Data provided: Begin

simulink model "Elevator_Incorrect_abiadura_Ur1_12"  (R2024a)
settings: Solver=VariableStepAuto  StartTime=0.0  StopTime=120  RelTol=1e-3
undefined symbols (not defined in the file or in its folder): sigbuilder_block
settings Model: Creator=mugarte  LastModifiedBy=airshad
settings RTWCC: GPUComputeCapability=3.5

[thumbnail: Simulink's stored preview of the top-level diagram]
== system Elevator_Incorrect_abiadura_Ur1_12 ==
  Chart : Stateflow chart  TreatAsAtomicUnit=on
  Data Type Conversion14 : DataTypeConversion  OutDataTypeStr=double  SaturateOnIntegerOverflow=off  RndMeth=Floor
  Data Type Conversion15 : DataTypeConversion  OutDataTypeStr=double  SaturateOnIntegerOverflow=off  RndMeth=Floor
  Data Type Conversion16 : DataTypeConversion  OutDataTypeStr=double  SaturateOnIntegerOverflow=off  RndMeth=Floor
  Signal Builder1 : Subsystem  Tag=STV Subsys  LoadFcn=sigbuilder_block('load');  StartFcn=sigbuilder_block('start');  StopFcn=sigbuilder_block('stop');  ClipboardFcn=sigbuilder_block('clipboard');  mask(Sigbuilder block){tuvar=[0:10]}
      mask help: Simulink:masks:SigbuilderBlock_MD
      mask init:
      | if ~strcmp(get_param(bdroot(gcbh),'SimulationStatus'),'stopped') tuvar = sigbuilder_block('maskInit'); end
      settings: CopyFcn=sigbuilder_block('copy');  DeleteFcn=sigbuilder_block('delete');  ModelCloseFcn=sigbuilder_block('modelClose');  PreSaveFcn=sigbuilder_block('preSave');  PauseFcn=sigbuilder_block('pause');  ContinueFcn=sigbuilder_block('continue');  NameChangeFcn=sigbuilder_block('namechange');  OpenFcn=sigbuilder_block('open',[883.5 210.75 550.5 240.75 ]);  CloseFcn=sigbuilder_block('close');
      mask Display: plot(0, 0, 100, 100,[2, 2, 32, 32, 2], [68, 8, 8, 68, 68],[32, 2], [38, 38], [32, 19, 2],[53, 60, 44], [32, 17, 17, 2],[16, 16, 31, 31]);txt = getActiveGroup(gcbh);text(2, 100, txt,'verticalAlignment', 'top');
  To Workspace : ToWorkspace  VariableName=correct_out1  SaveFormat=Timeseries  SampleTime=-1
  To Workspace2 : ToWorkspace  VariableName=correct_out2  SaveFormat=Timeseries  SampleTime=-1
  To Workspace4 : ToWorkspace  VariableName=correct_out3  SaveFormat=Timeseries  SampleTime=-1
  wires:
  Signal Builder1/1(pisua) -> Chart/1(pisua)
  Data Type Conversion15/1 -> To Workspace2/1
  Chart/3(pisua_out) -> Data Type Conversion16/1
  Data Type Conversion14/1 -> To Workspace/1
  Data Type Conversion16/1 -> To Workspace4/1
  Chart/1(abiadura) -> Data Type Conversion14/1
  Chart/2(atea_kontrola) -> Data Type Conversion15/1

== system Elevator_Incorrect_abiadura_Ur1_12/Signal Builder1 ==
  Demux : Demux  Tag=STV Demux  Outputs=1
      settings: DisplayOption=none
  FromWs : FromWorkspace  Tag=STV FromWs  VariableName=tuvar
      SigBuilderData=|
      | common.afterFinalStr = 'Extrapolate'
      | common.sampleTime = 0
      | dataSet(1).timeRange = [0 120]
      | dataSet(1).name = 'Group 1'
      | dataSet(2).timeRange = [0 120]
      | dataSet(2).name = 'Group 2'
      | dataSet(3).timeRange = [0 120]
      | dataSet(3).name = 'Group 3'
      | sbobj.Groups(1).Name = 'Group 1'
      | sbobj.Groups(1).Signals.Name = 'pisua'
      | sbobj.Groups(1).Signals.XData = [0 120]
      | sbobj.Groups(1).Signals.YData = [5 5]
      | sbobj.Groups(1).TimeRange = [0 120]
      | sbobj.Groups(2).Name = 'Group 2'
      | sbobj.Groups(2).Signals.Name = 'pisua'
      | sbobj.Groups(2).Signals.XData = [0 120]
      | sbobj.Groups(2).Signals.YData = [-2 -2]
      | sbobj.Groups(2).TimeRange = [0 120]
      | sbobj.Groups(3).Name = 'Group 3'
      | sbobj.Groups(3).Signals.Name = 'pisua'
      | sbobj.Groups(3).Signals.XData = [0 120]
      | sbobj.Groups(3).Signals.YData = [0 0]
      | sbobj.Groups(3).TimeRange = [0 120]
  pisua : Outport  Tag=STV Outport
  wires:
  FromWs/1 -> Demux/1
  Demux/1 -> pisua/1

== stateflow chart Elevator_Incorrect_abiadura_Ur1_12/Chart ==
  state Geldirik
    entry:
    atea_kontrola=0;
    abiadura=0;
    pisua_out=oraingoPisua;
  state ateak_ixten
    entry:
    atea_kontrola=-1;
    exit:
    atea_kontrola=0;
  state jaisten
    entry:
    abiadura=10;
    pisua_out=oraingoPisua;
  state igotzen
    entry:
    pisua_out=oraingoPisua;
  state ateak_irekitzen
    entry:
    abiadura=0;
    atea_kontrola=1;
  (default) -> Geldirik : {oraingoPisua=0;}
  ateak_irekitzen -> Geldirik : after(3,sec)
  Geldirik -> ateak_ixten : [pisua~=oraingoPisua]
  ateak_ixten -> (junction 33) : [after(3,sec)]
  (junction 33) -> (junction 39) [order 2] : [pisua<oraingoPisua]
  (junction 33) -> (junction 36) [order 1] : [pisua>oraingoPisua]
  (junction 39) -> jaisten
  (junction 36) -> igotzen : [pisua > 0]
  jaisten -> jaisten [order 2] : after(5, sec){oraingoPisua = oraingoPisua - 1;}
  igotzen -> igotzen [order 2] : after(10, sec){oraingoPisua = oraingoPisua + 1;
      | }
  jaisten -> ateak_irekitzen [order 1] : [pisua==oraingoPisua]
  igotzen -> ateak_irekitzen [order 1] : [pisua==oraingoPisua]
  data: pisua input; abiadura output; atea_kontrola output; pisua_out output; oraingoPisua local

Data provided: End

[What this task involves]: Find the number of lines in the data above that contain "common". Please give that number alone.

[The answer]: 2